Logo que cruzaram a porta de vidro que separava o exterior
do interior do prédio, Guile e Nash tiveram as
visões ofuscadas pelos fortes
holofotes dos helicópteros que sobrevoavam a área
naquele momento. Observando
então o jardim do lugar, constataram que o
Exército o havia cercado em peso,
com soldados armados e veículos, desde jipes até
alguns blindados,
deslocando-se para lá e para cá. Os corpos dos
guardas mortos anteriormente
durante a infiltração eram rapidamente
recolhidos; pelo visto o alto comando não
tinha a menor intenção de deixar que a
mídia e por conseqüência a
população
soubessem do que ocorrera ali.
Octopus, Raven e Burton conversavam
entre si perto do muro,
provavelmente a partir daquele ponto cada um seguiria seu
próprio rumo.
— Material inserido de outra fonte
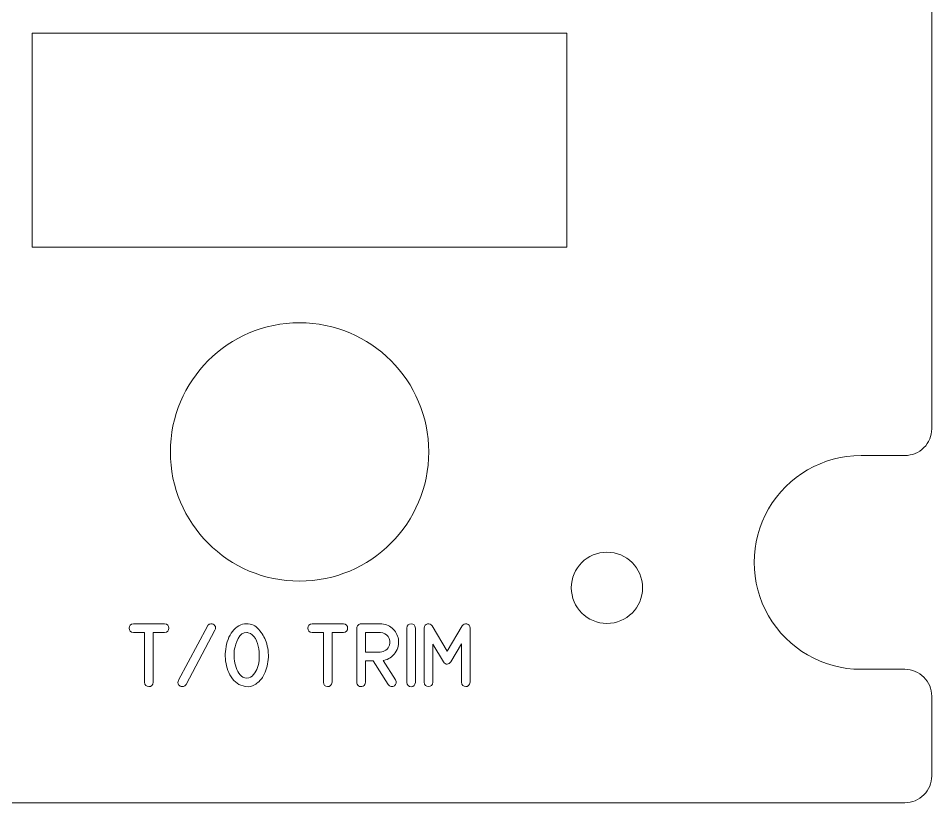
# Model space of a CAD drawing. Header units: millimetres. Extents: x -161 to 226, y -138 to 138.
# Drawn here: x 3.5 to 54.8, y 53.5 to 97.5 of the extents above; entities that cross this region are included whole.
import ezdxf

# ---------------------------------------------------------------- set-up
doc = ezdxf.new("R2010")
doc.units = ezdxf.units.MM
doc.header["$MEASUREMENT"] = 0

msp = doc.modelspace()

# ---------------------------------------------------------------- linework, layer by layer
at = {"color": 250, "lineweight": 9}
for centre, major_axis, ratio in [((19.3309, 73.1478), (7.2501, 0), 0.9999862), ((36.5808, 65.5246), (0, 2), 1)]:
    msp.add_ellipse(centre, major_axis=major_axis, ratio=ratio, dxfattribs=at)
for points, knots in [([(54.8058, 136.0871), (54.8056, 136.4852), (54.6472, 136.8669), (54.3655, 137.1482), (54.3655, 137.1482), (54.0839, 137.4295), (53.7039, 137.5874), (53.3058, 137.5871), (53.3058, 137.5871), (53.3058, 137.5871), (-88.1442, 137.5871), (-88.1442, 137.5871), (-88.1442, 137.5871), (-88.5422, 137.5869), (-88.9239, 137.4285), (-89.2052, 137.1468), (-89.2052, 137.1468), (-89.4865, 136.8652), (-89.6444, 136.4852), (-89.6442, 136.0871), (-89.6442, 136.0871), (-89.6442, 136.0871), (-89.6442, 131.5996), (-89.6442, 131.5996), (-89.6442, 131.5996), (-89.6439, 131.2015), (-89.4855, 130.8199), (-89.2039, 130.5386), (-89.2039, 130.5386), (-88.9222, 130.2573), (-88.5422, 130.0994), (-88.1442, 130.0996), (-88.1442, 130.0996), (-88.1442, 130.0996), (-85.6817, 130.0996), (-85.6817, 130.0996), (-85.6817, 130.0996), (-83.5381, 130.0996), (-81.5573, 128.956), (-80.4855, 127.0996), (-80.4855, 127.0996), (-79.4137, 125.2432), (-79.4137, 122.956), (-80.4855, 121.0996), (-80.4855, 121.0996), (-81.5573, 119.2432), (-83.5381, 118.0996), (-85.6817, 118.0996), (-85.6817, 118.0996), (-85.6817, 118.0996), (-88.1442, 118.0996), (-88.1442, 118.0996), (-88.1442, 118.0996), (-88.5422, 118.0994), (-88.9239, 117.941), (-89.2052, 117.6593), (-89.2052, 117.6593), (-89.4865, 117.3777), (-89.6444, 116.9977), (-89.6442, 116.5996), (-89.6442, 116.5996), (-89.6442, 116.5996), (-89.6442, 74.4496), (-89.6442, 74.4496), (-89.6442, 74.4496), (-89.6439, 74.0515), (-89.4855, 73.6699), (-89.2039, 73.3886), (-89.2039, 73.3886), (-88.9222, 73.1073), (-88.5422, 72.9494), (-88.1442, 72.9496), (-88.1442, 72.9496), (-88.1442, 72.9496), (-85.6817, 72.9496), (-85.6817, 72.9496), (-85.6817, 72.9496), (-83.5381, 72.9496), (-81.5573, 71.806), (-80.4855, 69.9496), (-80.4855, 69.9496), (-79.4137, 68.0932), (-79.4137, 65.806), (-80.4855, 63.9496), (-80.4855, 63.9496), (-81.5573, 62.0932), (-83.5381, 60.9496), (-85.6817, 60.9496), (-85.6817, 60.9496), (-85.6817, 60.9496), (-88.1442, 60.9496), (-88.1442, 60.9496), (-88.1442, 60.9496), (-88.5422, 60.9494), (-88.9239, 60.791), (-89.2052, 60.5093), (-89.2052, 60.5093), (-89.4865, 60.2277), (-89.6444, 59.8477), (-89.6442, 59.4496), (-89.6442, 59.4496), (-89.6442, 59.4496), (-89.6442, 54.9621), (-89.6442, 54.9621), (-89.6442, 54.9621), (-89.6439, 54.564), (-89.4855, 54.1824), (-89.2039, 53.9011), (-89.2039, 53.9011), (-88.9222, 53.6198), (-88.5422, 53.4619), (-88.1442, 53.4621), (-88.1442, 53.4621), (-88.1442, 53.4621), (53.3058, 53.4621), (53.3058, 53.4621), (53.3058, 53.4621), (53.7039, 53.4624), (54.0856, 53.6208), (54.3669, 53.9024), (54.3669, 53.9024), (54.6482, 54.1841), (54.8061, 54.564), (54.8058, 54.9621), (54.8058, 54.9621), (54.8058, 54.9621), (54.8058, 59.4496), (54.8058, 59.4496), (54.8058, 59.4496), (54.8056, 59.8477), (54.6472, 60.2294), (54.3655, 60.5107), (54.3655, 60.5107), (54.0839, 60.792), (53.7039, 60.9499), (53.3058, 60.9496), (53.3058, 60.9496), (53.3058, 60.9496), (50.8433, 60.9496), (50.8433, 60.9496), (50.8433, 60.9496), (48.6997, 60.9496), (46.719, 62.0932), (45.6472, 63.9496), (45.6472, 63.9496), (44.5754, 65.806), (44.5754, 68.0932), (45.6472, 69.9496), (45.6472, 69.9496), (46.719, 71.806), (48.6997, 72.9496), (50.8433, 72.9496), (50.8433, 72.9496), (50.8433, 72.9496), (53.3058, 72.9496), (53.3058, 72.9496), (53.3058, 72.9496), (53.7039, 72.9499), (54.0856, 73.1083), (54.3669, 73.3899), (54.3669, 73.3899), (54.6482, 73.6716), (54.8061, 74.0515), (54.8058, 74.4496), (54.8058, 74.4496), (54.8058, 74.4496), (54.8058, 116.5996), (54.8058, 116.5996), (54.8058, 116.5996), (54.8056, 116.9977), (54.6472, 117.3794), (54.3655, 117.6607), (54.3655, 117.6607), (54.0839, 117.942), (53.7039, 118.0999), (53.3058, 118.0996), (53.3058, 118.0996), (53.3058, 118.0996), (50.8433, 118.0996), (50.8433, 118.0996), (50.8433, 118.0996), (48.6997, 118.0996), (46.719, 119.2432), (45.6472, 121.0996), (45.6472, 121.0996), (44.5754, 122.956), (44.5754, 125.2432), (45.6472, 127.0996), (45.6472, 127.0996), (46.719, 128.956), (48.6997, 130.0996), (50.8433, 130.0996), (50.8433, 130.0996), (50.8433, 130.0996), (53.3058, 130.0996), (53.3058, 130.0996), (53.3058, 130.0996), (53.7039, 130.0999), (54.0856, 130.2583), (54.3669, 130.5399), (54.3669, 130.5399), (54.6482, 130.8216), (54.8061, 131.2015), (54.8058, 131.5996), (54.8058, 131.5996), (54.8058, 131.5996), (54.8058, 136.0871), (54.8058, 136.0871)], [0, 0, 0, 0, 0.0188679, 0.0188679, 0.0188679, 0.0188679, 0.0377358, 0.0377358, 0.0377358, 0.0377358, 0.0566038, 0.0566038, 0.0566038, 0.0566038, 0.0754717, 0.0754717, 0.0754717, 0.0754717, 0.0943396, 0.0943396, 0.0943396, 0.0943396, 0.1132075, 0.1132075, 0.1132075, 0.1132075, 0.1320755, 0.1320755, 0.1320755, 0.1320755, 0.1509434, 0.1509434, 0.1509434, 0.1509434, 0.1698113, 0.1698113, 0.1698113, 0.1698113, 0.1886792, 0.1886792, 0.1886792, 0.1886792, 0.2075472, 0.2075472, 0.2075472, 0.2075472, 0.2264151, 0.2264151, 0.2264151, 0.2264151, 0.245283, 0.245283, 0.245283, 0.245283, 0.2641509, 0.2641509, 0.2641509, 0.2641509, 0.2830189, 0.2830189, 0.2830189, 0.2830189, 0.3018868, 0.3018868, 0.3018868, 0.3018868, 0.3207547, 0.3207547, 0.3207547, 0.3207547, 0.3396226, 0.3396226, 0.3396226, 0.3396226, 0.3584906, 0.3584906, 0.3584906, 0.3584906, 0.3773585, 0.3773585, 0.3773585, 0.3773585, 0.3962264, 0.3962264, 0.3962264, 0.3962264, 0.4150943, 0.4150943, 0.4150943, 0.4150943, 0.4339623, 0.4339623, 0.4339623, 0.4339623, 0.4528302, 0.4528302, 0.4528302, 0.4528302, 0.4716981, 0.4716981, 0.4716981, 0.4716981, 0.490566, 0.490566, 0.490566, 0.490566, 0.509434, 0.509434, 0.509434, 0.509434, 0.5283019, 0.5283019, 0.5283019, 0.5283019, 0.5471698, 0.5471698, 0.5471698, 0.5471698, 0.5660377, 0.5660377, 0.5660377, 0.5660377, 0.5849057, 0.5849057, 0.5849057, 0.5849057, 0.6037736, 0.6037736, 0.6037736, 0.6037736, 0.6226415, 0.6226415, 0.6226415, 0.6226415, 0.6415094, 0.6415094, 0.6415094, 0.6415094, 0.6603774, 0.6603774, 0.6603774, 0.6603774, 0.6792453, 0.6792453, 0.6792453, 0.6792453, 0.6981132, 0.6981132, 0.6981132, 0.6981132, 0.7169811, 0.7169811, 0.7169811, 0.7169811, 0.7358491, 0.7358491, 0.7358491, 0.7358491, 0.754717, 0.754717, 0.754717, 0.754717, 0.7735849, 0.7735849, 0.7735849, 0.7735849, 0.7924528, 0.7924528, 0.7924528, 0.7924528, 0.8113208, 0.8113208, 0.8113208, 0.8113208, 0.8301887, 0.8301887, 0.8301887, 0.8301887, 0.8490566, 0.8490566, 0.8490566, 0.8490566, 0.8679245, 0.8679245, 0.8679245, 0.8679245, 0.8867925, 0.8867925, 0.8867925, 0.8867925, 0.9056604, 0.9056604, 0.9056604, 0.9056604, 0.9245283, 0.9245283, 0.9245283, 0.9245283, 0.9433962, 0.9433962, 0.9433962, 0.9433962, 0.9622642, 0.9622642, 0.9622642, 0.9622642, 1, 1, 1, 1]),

Por
entre um grupo de combatentes surgiu o coronel Court, que se aproximou
risonho
da dupla recém-saída da
construção. Ele estendeu a mão para
ambos, até para
Guile, que não tinha muitas condições
de apertá-la, mas mesmo assim o fez junto
com Nash. Em seguida ouviram o superior dizer:
–
Ótimo
trabalho, homens. Graças a vocês Bison foi
derrotado e está presumivelmente
morto. Os capangas dele escaparam, mas já os rastreamos e
logo estarão sob
custódia.
–
Hei, como
assim “presumivelmente”? – desejou
esclarecer William, fazendo caretas devido a
seus machucados.
–
Vocês o
atiraram do alto deste prédio, mas... Não
encontramos o corpo.
–
O desgraçado
sobreviveu! – Guile concluiu de imediato. – Ele
está vivo!
–
Calma,
cara... – preocupou-se o amigo, amparando-o, pois sabia que
por enquanto ele
não poderia se exaltar. – Teremos os devidos
esclarecimentos mais tarde. Por
enquanto você precisa de descanso, curativos e uma boa dose
de soro!
–
Antes disso,
se ainda agüentarem... – oscilou o coronel.
– Há alguém chegando especialmente
para vê-los!
–
Para nos
ver? – estranharam os dois, falando ao mesmo tempo.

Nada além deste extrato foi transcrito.